*** Data for review ***

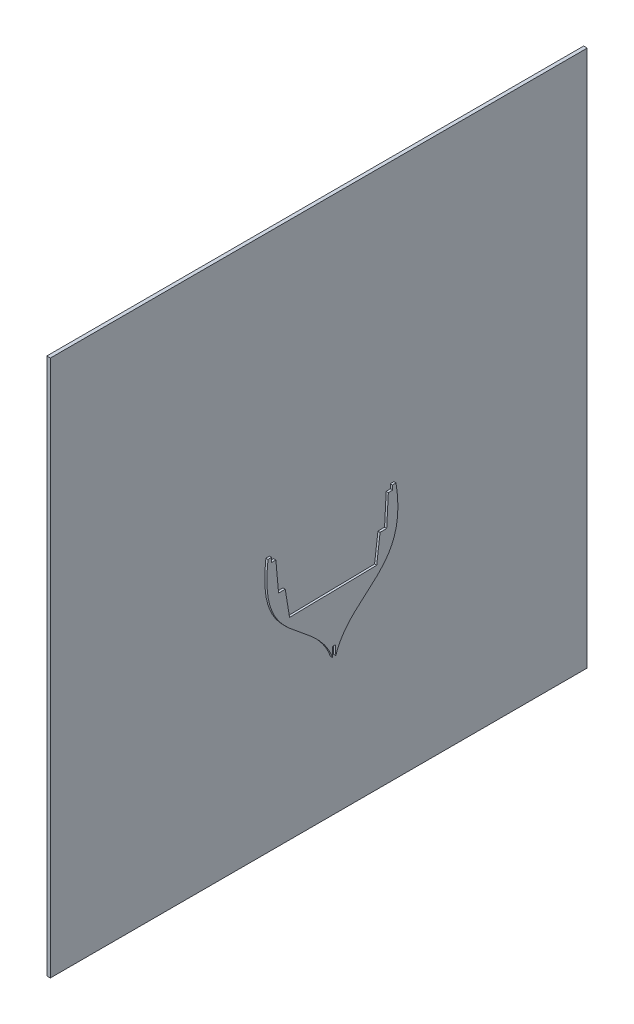
from build123d import *

# Parameters (mm, degrees)
BOSS_EXTRU_2_DEPTH      = 10
BOSS_EXTRU_3_DEPTH      = 6
ENL_V_MAT_EXTRU_1_DEPTH = 6


with BuildPart() as part:
    # Esquisse3D1 → Boss.-Extru.2 (new body)
    with BuildSketch(Plane(origin=(-20, 1121.289346724, 777.274991403), x_dir=(0, -0.7071067811865476, -0.7071067811865476), z_dir=(1, 0, 0))):
        Polygon((0, 0), (1060.66017178, 1060.66017178), (2121.32034356, 0), (1060.66017178, -1060.66017178), align=None)
    extrude(amount=BOSS_EXTRU_2_DEPTH)


with BuildPart() as body_2:
    # Esquisse5 → Boss.-Extru.3 (new body)
    with BuildSketch(Plane(origin=(0, 0, 0), x_dir=(0, 0, -1), z_dir=(1, 0, 0))):
        with BuildLine():
            Line((172.4622394, 352.332448072), (162.4622394, 352.1512943))
            Line((162.4622394, 352.1512943), (163.223727317, 339.801338053))
            Line((163.223727317, 339.801338053), (151.0185207, 339.58023613))
            Line((151.0185207, 339.58023613), (146.47299258, 255.274664597))
            Line((146.47299258, 255.274664597), (127.994738238, 254.939924049))
            Line((127.994738238, 254.939924049), (118.526672474, 180.005385852))
            Line((118.526672474, 180.005385852), (-124.968496367, 175.594379009))
            Line((-124.968496367, 175.594379009), (-137.144394156, 250.13682864))
            Line((-137.144394156, 250.13682864), (-155.622648498, 249.802088092))
            Line((-155.622648498, 249.802088092), (-163.218646637, 333.887711296))
            Line((-163.218646637, 333.887711296), (-175.423853255, 333.666609374))
            Line((-175.423853255, 333.666609374), (-175.110166408, 346.036042818))
            Line((-175.110166408, 346.036042818), (-185.110166408, 345.854889045))
            add(Edge.make_bspline(
                [(0, 0), (-2.509062985, 16.019137781), (-32.842513655, 167.349631388), (-216.874652949, 92.90546411), (-185.110166408, 345.854889045)],
                knots=[0, 0, 0, 0, 0, 1, 1, 1, 1, 1], degree=4))
            add(Edge.make_bspline(
                [(0, 0), (1.927221695, 16.099502752), (26.759750752, 168.429348893), (213.36742668, 100.699461693), (172.4622394, 352.332448072)],
                knots=[0, 0, 0, 0, 0, 1, 1, 1, 1, 1], degree=4))
        make_face()
    extrude(amount=BOSS_EXTRU_3_DEPTH)

    # Esquisse6 → Enlèv. mat.-Extru.1 (cut)
    with BuildSketch(Plane(origin=(6, 0, 0), x_dir=(0, 0, -1), z_dir=(1, 0, 0))):
        Polygon((-4.835020381, 18.412182381), (-5.324135567, 45.412182381), (3.675864433, 45.575220776), (4.164979619, 18.575220776), (117.063261114, -47.52702125), (-85.227699586, -65.220017949), align=None)
    extrude(amount=-ENL_V_MAT_EXTRU_1_DEPTH, mode=Mode.SUBTRACT)


solid = Compound([part.part, body_2.part])

***

What to do
Give the listing again exactly, but omit each image.

Answer section
from build123d import *

# Parameters (mm, degrees)
BOSS_EXTRU_2_DEPTH      = 10
BOSS_EXTRU_3_DEPTH      = 6
ENL_V_MAT_EXTRU_1_DEPTH = 6


with BuildPart() as part:
    # Esquisse3D1 → Boss.-Extru.2 (new body)
    with BuildSketch(Plane(origin=(-20, 1121.289346724, 777.274991403), x_dir=(0, -0.7071067811865476, -0.7071067811865476), z_dir=(1, 0, 0))):
        Polygon((0, 0), (1060.66017178, 1060.66017178), (2121.32034356, 0), (1060.66017178, -1060.66017178), align=None)
    extrude(amount=BOSS_EXTRU_2_DEPTH)


with BuildPart() as body_2:
    # Esquisse5 → Boss.-Extru.3 (new body)
    with BuildSketch(Plane(origin=(0, 0, 0), x_dir=(0, 0, -1), z_dir=(1, 0, 0))):
        with BuildLine():
            Line((172.4622394, 352.332448072), (162.4622394, 352.1512943))
            Line((162.4622394, 352.1512943), (163.223727317, 339.801338053))
            Line((163.223727317, 339.801338053), (151.0185207, 339.58023613))
            Line((151.0185207, 339.58023613), (146.47299258, 255.274664597))
            Line((146.47299258, 255.274664597), (127.994738238, 254.939924049))
            Line((127.994738238, 254.939924049), (118.526672474, 180.005385852))
            Line((118.526672474, 180.005385852), (-124.968496367, 175.594379009))
            Line((-124.968496367, 175.594379009), (-137.144394156, 250.13682864))
            Line((-137.144394156, 250.13682864), (-155.622648498, 249.802088092))
            Line((-155.622648498, 249.802088092), (-163.218646637, 333.887711296))
            Line((-163.218646637, 333.887711296), (-175.423853255, 333.666609374))
            Line((-175.423853255, 333.666609374), (-175.110166408, 346.036042818))
            Line((-175.110166408, 346.036042818), (-185.110166408, 345.854889045))
            add(Edge.make_bspline(
                [(0, 0), (-2.509062985, 16.019137781), (-32.842513655, 167.349631388), (-216.874652949, 92.90546411), (-185.110166408, 345.854889045)],
                knots=[0, 0, 0, 0, 0, 1, 1, 1, 1, 1], degree=4))
            add(Edge.make_bspline(
                [(0, 0), (1.927221695, 16.099502752), (26.759750752, 168.429348893), (213.36742668, 100.699461693), (172.4622394, 352.332448072)],
                knots=[0, 0, 0, 0, 0, 1, 1, 1, 1, 1], degree=4))
        make_face()
    extrude(amount=BOSS_EXTRU_3_DEPTH)

    # Esquisse6 → Enlèv. mat.-Extru.1 (cut)
    with BuildSketch(Plane(origin=(6, 0, 0), x_dir=(0, 0, -1), z_dir=(1, 0, 0))):
        Polygon((-4.835020381, 18.412182381), (-5.324135567, 45.412182381), (3.675864433, 45.575220776), (4.164979619, 18.575220776), (117.063261114, -47.52702125), (-85.227699586, -65.220017949), align=None)
    extrude(amount=-ENL_V_MAT_EXTRU_1_DEPTH, mode=Mode.SUBTRACT)


solid = Compound([part.part, body_2.part])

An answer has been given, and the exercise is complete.